10 thoughts on “Hansel & Gretel: the film of the production

  1. Great !!!
    I have already watched it twice. And the second time has been even better than the first. Both Hansel and Gretel, look at each other, and move in a way that makes one want to hug them to one’s heart. And the narrative is beautiful. And the fact that it is mostly read, but the things said by the different characters are sung, is brilliant. And having the same voice for the plain reading, and then for the sung part, even better. At first, the music shocked me a little, as I compared it with the Humperdink music, but the Humperdink score would have clashed with the Armitage version of the story, and I am beginning to love the music too.
    I hope a Blu Ray disk is made with this , and sold through Amazon. This is perfect. I know lots and lots of people who would buy and treasure it, for themselves and as gifts.

    Love from Madrid

    • Dearest Maria

      It warms my heart to read that you are beginning to experience in the music and libretto, what I hoped would be revealed by my direction of the production. I loved Adey’s performance in all its aspects. I felt that she brought so many insights to the text and the performance of it.

  2. Just the thought of being able to experience it again makes me full of an – tic – i pation!
    Hooray, bravo and other celebratory words.
    B xxx

  3. Clive, I’ve just finished watching the ‘Hansel & Gretel’ film, whilst enjoying a late breakfast, and I loved it as much as when I saw it on stage in York. Pete Telfer has done a fantastic job in filming the stage production, and it’s really great to be given the opportunity to be able to see the performance in close-up, as there is so much to appreciate in all the really thoughtful attention to detail, which made for such an affecting stage production. It’s also wonderful to be able to absorb Simon’s words and Matthew’s music, as only being able to attend one performance definitely wasn’t enough for me to fully appreciate all the many nuances of their work.

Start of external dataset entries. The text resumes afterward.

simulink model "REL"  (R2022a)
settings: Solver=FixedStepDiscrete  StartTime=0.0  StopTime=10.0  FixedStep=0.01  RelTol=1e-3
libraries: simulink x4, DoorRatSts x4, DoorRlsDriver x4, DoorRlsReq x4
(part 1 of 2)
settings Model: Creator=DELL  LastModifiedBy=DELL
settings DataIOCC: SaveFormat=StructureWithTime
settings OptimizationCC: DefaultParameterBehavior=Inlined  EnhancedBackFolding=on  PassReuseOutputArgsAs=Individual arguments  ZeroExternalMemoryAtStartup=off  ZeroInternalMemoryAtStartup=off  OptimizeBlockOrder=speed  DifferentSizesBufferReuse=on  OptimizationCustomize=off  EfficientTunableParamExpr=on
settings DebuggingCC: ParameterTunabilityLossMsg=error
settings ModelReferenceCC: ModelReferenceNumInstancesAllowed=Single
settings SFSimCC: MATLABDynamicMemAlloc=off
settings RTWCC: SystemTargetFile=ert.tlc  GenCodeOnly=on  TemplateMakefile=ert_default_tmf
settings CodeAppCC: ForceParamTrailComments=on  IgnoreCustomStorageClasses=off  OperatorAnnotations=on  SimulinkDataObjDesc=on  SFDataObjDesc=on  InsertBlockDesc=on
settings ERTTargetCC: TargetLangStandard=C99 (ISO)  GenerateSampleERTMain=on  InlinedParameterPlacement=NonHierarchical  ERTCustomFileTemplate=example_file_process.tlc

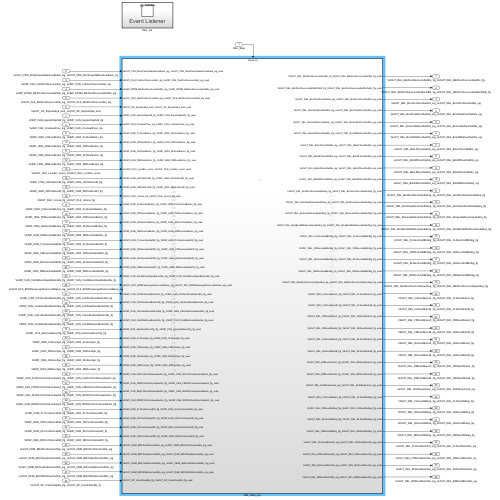
[thumbnail: Simulink's stored preview of the top-level diagram]
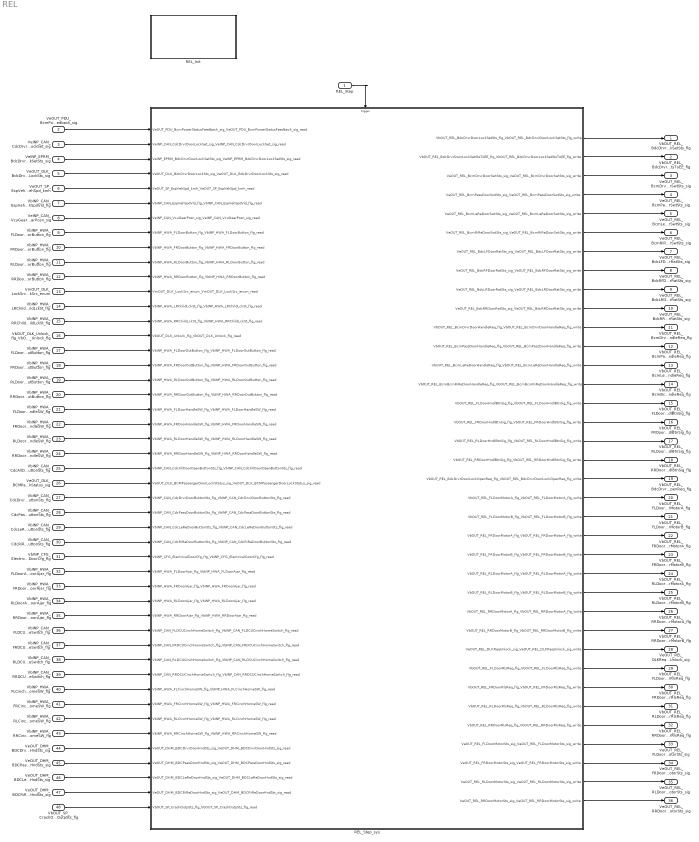
== system REL ==
  REL_Step : Inport  SampleTime=0.01  OutputFunctionCall=on
  VeOUT_PDU_BcmPowerStatusFeedback_sig_VeOUT_PDU_BcmPowerStatusFeedback_sig : Inport  Port=2  OutDataTypeStr=UInt8  PortDimensions=1
  VeINP_CAN_CdcDrvrDoorLockSet_sig_VeINP_CAN_CdcDrvrDoorLockSet_sig : Inport  Port=3  OutDataTypeStr=UInt8  PortDimensions=1
  VeINP_EPRM_BdcDrvrDoorLockSetSts_sig_VeINP_EPRM_BdcDrvrDoorLockSetSts_sig : Inport  Port=4  OutDataTypeStr=UInt8  PortDimensions=1
  VeOUT_DLK_BdcDrvrDoorLockSts_sig_VeOUT_DLK_BdcDrvrDoorLockSts_sig : Inport  Port=5  OutDataTypeStr=UInt8  PortDimensions=1
  VeOUT_SP_EspVehSpd_kmh_VeOUT_SP_EspVehSpd_kmh : Inport  Port=6  OutDataTypeStr=UInt8  PortDimensions=1
  VbINP_CAN_EspVehSpdVld_flg_VbINP_CAN_EspVehSpdVld_flg : Inport  Port=7  OutDataTypeStr=Boolean  PortDimensions=1
  VeINP_CAN_VcuGearPosn_sig_VeINP_CAN_VcuGearPosn_sig : Inport  Port=8  OutDataTypeStr=UInt8  PortDimensions=1
  VbINP_HWA_FLDoorButton_flg_VbINP_HWA_FLDoorButton_flg : Inport  Port=9  OutDataTypeStr=Boolean  PortDimensions=1
  VbINP_HWA_FRDoorButton_flg_VbINP_HWA_FRDoorButton_flg : Inport  Port=10  OutDataTypeStr=Boolean  PortDimensions=1
  VbINP_HWA_RLDoorButton_flg_VbINP_HWA_RLDoorButton_flg : Inport  Port=11  OutDataTypeStr=Boolean  PortDimensions=1
  VbINP_HWA_RRDoorButton_flg_VbINP_HWA_RRDoorButton_flg : Inport  Port=12  OutDataTypeStr=Boolean  PortDimensions=1
  VmOUT_DLK_LockSrc_enum_VmOUT_DLK_LockSrc_enum : Inport  Port=13  OutDataTypeStr=UInt8  PortDimensions=1
  VbINP_HWA_LRChildLckSt_flg_VbINP_HWA_LRChildLckSt_flg : Inport  Port=14  OutDataTypeStr=Boolean  PortDimensions=1
  VbINP_HWA_RRChildLckSt_flg_VbINP_HWA_RRChildLckSt_flg : Inport  Port=15  OutDataTypeStr=Boolean  PortDimensions=1
  VbOUT_DLK_Unlock_flg_VbOUT_DLK_Unlock_flg : Inport  Port=16  OutDataTypeStr=Boolean  PortDimensions=1
  VbINP_HWA_FLDoorOutButton_flg_VbINP_HWA_FLDoorOutButton_flg : Inport  Port=17  OutDataTypeStr=Boolean  PortDimensions=1
  VbINP_HWA_FRDoorOutButton_flg_VbINP_HWA_FRDoorOutButton_flg : Inport  Port=18  OutDataTypeStr=Boolean  PortDimensions=1
  VbINP_HWA_RLDoorOutButton_flg_VbINP_HWA_RLDoorOutButton_flg : Inport  Port=19  OutDataTypeStr=Boolean  PortDimensions=1
  VbINP_HWA_RRDoorOutButton_flg_VbINP_HWA_RRDoorOutButton_flg : Inport  Port=20  OutDataTypeStr=Boolean  PortDimensions=1
  VbINP_HWA_FLDoorHandleSW_flg_VbINP_HWA_FLDoorHandleSW_flg : Inport  Port=21  OutDataTypeStr=Boolean  PortDimensions=1
  VbINP_HWA_FRDoorHandleSW_flg_VbINP_HWA_FRDoorHandleSW_flg : Inport  Port=22  OutDataTypeStr=Boolean  PortDimensions=1
  VbINP_HWA_RLDoorHandleSW_flg_VbINP_HWA_RLDoorHandleSW_flg : Inport  Port=23  OutDataTypeStr=Boolean  PortDimensions=1
  VbINP_HWA_RRDoorHandleSW_flg_VbINP_HWA_RRDoorHandleSW_flg : Inport  Port=24  OutDataTypeStr=Boolean  PortDimensions=1
  VbINP_CAN_CdcAllDoorOpenButtonSts_flg_VbINP_CAN_CdcAllDoorOpenButtonSts_flg : Inport  Port=25  OutDataTypeStr=Boolean  PortDimensions=1
  VeOUT_DLK_BCMPassengerDoorLockStatus_sig_VeOUT_DLK_BCMPassengerDoorLockStatus_sig : Inport  Port=26  OutDataTypeStr=UInt8  PortDimensions=1
  VbINP_CAN_CdcDrvrDoorButtonSts_flg_VbINP_CAN_CdcDrvrDoorButtonSts_flg : Inport  Port=27  OutDataTypeStr=Boolean  PortDimensions=1
  VbINP_CAN_CdcPassDoorButtonSts_flg_VbINP_CAN_CdcPassDoorButtonSts_flg : Inport  Port=28  OutDataTypeStr=Boolean  PortDimensions=1
  VbINP_CAN_CdcLeReDoorButtonSts_flg_VbINP_CAN_CdcLeReDoorButtonSts_flg : Inport  Port=29  OutDataTypeStr=Boolean  PortDimensions=1
  VbINP_CAN_CdcRiReDoorButtonSts_flg_VbINP_CAN_CdcRiReDoorButtonSts_flg : Inport  Port=30  OutDataTypeStr=Boolean  PortDimensions=1
  VbINP_CFG_ElectricalDoorCfg_flg_VbINP_CFG_ElectricalDoorCfg_flg : Inport  Port=31  OutDataTypeStr=Boolean  PortDimensions=1
  VbINP_HWA_FLDoorAjar_flg_VbINP_HWA_FLDoorAjar_flg : Inport  Port=32  OutDataTypeStr=Boolean  PortDimensions=1
  VbINP_HWA_FRDoorAjar_flg_VbINP_HWA_FRDoorAjar_flg : Inport  Port=33  OutDataTypeStr=Boolean  PortDimensions=1
  VbINP_HWA_RLDoorAjar_flg_VbINP_HWA_RLDoorAjar_flg : Inport  Port=34  OutDataTypeStr=Boolean  PortDimensions=1
  VbINP_HWA_RRDoorAjar_flg_VbINP_HWA_RRDoorAjar_flg : Inport  Port=35  OutDataTypeStr=Boolean  PortDimensions=1
  VbINP_CAN_FLDCUCinchHomeSwitch_flg_VbINP_CAN_FLDCUCinchHomeSwitch_flg : Inport  Port=36  OutDataTypeStr=Boolean  PortDimensions=1
  VbINP_CAN_FRDCUCinchHomeSwitch_flg_VbINP_CAN_FRDCUCinchHomeSwitch_flg : Inport  Port=37  OutDataTypeStr=Boolean  PortDimensions=1
  VbINP_CAN_RLDCUCinchHomeSwitch_flg_VbINP_CAN_RLDCUCinchHomeSwitch_flg : Inport  Port=38  OutDataTypeStr=Boolean  PortDimensions=1
  VbINP_CAN_RRDCUCinchHomeSwitch_flg_VbINP_CAN_RRDCUCinchHomeSwitch_flg : Inport  Port=39  OutDataTypeStr=Boolean  PortDimensions=1
  VbINP_HWA_FLCinchHomeSW_flg_VbINP_HWA_FLCinchHomeSW_flg : Inport  Port=40  OutDataTypeStr=Boolean  PortDimensions=1
  VbINP_HWA_FRCinchHomeSW_flg_VbINP_HWA_FRCinchHomeSW_flg : Inport  Port=41  OutDataTypeStr=Boolean  PortDimensions=1
  VbINP_HWA_RLCinchHomeSW_flg_VbINP_HWA_RLCinchHomeSW_flg : Inport  Port=42  OutDataTypeStr=Boolean  PortDimensions=1
  VbINP_HWA_RRCinchHomeSW_flg_VbINP_HWA_RRCinchHomeSW_flg : Inport  Port=43  OutDataTypeStr=Boolean  PortDimensions=1
  VeOUT_DHM_BDCDrvrDoorHndSts_sig_VeOUT_DHM_BDCDrvrDoorHndSts_sig : Inport  Port=44  OutDataTypeStr=UInt8  PortDimensions=1
  VeOUT_DHM_BDCPassDoorHndSts_sig_VeOUT_DHM_BDCPassDoorHndSts_sig : Inport  Port=45  OutDataTypeStr=UInt8  PortDimensions=1
  VeOUT_DHM_BDCLeReDoorHndSts_sig_VeOUT_DHM_BDCLeReDoorHndSts_sig : Inport  Port=46  OutDataTypeStr=UInt8  PortDimensions=1
  VeOUT_DHM_BDCRiReDoorHndSts_sig_VeOUT_DHM_BDCRiReDoorHndSts_sig : Inport  Port=47  OutDataTypeStr=UInt8  PortDimensions=1
  VbOUT_SP_CrashOutpSts_flg_VbOUT_SP_CrashOutpSts_flg : Inport  Port=48  OutDataTypeStr=Boolean  PortDimensions=1
  REL_Init : Subsystem
  REL_Step_sys : Subsystem
  VbOUT_REL_BdcDrvrDoorLockSetSts_flg_VbOUT_REL_BdcDrvrDoorLockSetSts_flg : Outport  OutDataTypeStr=Boolean  PortDimensions=1
  VbOUT_REL_BdcDrvrDoorLockSetStsToEE_flg_VbOUT_REL_BdcDrvrDoorLockSetStsToEE_flg : Outport  Port=2  OutDataTypeStr=Boolean  PortDimensions=1
  VeOUT_REL_BcmDrvrDoorSwtSts_sig_VeOUT_REL_BcmDrvrDoorSwtSts_sig : Outport  Port=3  OutDataTypeStr=UInt8  PortDimensions=1
  VeOUT_REL_BcmPassDoorSwtSts_sig_VeOUT_REL_BcmPassDoorSwtSts_sig : Outport  Port=4  OutDataTypeStr=UInt8  PortDimensions=1
  VeOUT_REL_BcmLeReDoorSwtSts_sig_VeOUT_REL_BcmLeReDoorSwtSts_sig : Outport  Port=5  OutDataTypeStr=UInt8  PortDimensions=1
  VeOUT_REL_BcmRiReDoorSwtSts_sig_VeOUT_REL_BcmRiReDoorSwtSts_sig : Outport  Port=6  OutDataTypeStr=UInt8  PortDimensions=1
  VeOUT_REL_BdcLFDoorRatSts_sig_VeOUT_REL_BdcLFDoorRatSts_sig : Outport  Port=7  OutDataTypeStr=UInt8  PortDimensions=1
  VeOUT_REL_BdcRFDoorRatSts_sig_VeOUT_REL_BdcRFDoorRatSts_sig : Outport  Port=8  OutDataTypeStr=UInt8  PortDimensions=1
  VeOUT_REL_BdcLRDoorRatSts_sig_VeOUT_REL_BdcLRDoorRatSts_sig : Outport  Port=9  OutDataTypeStr=UInt8  PortDimensions=1
  VeOUT_REL_BdcRRDoorRatSts_sig_VeOUT_REL_BdcRRDoorRatSts_sig : Outport  Port=10  OutDataTypeStr=UInt8  PortDimensions=1
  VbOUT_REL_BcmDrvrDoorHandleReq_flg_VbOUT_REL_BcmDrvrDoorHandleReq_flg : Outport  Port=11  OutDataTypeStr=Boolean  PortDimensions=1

    I love the choices you made in direction, casting and production design, as the intimacy of the storytelling world you created still conjures up for me the feeling of our ancestors sitting round a campfire listening to stories to make sense of the world; this mood that I experienced in the theatre has transferred perfectly to film. I think you have created something really powerful with your telling of the story, which many more people now have the opportunity to enjoy, thanks to Pete Telfer’s film.

    I send you these words from Ben Okri on the enduring power of storytelling, “The mystery of storytelling is the miracle of a single living seed which can populate whole acres of human minds. It is the multiplicity of responses which a single text can generate within the mind’s unfailing capacity for wonder. Storytellers are a tiny representative of the greater creative forces. And like all artists they should create beauty as best as they can, should serve truth, and remember humility, and when their work is done and finely crafted, arrowed to the deepest points in the reader’s heart and mind, they should be silent, leave the stage, and let the imagination of the world give sanctuary.”

    My congratulations go to everybody who was part of the telling of this tale. Like Okri writes above, what you created together will now live on in the sanctuary of our imaginations, and that, in my estimation, is an achievement of which you can all be very proud. And who knows, from this seed, which has now been so lovingly planted, what else will grow?

    • Sarah, if I were Goldfield Productions, I’d be hiring you as publicity guru to promote the film and the production. The project hasn’t had a more enthusiastic advocate than you, and I thank you so much for sharing your thoughts about it.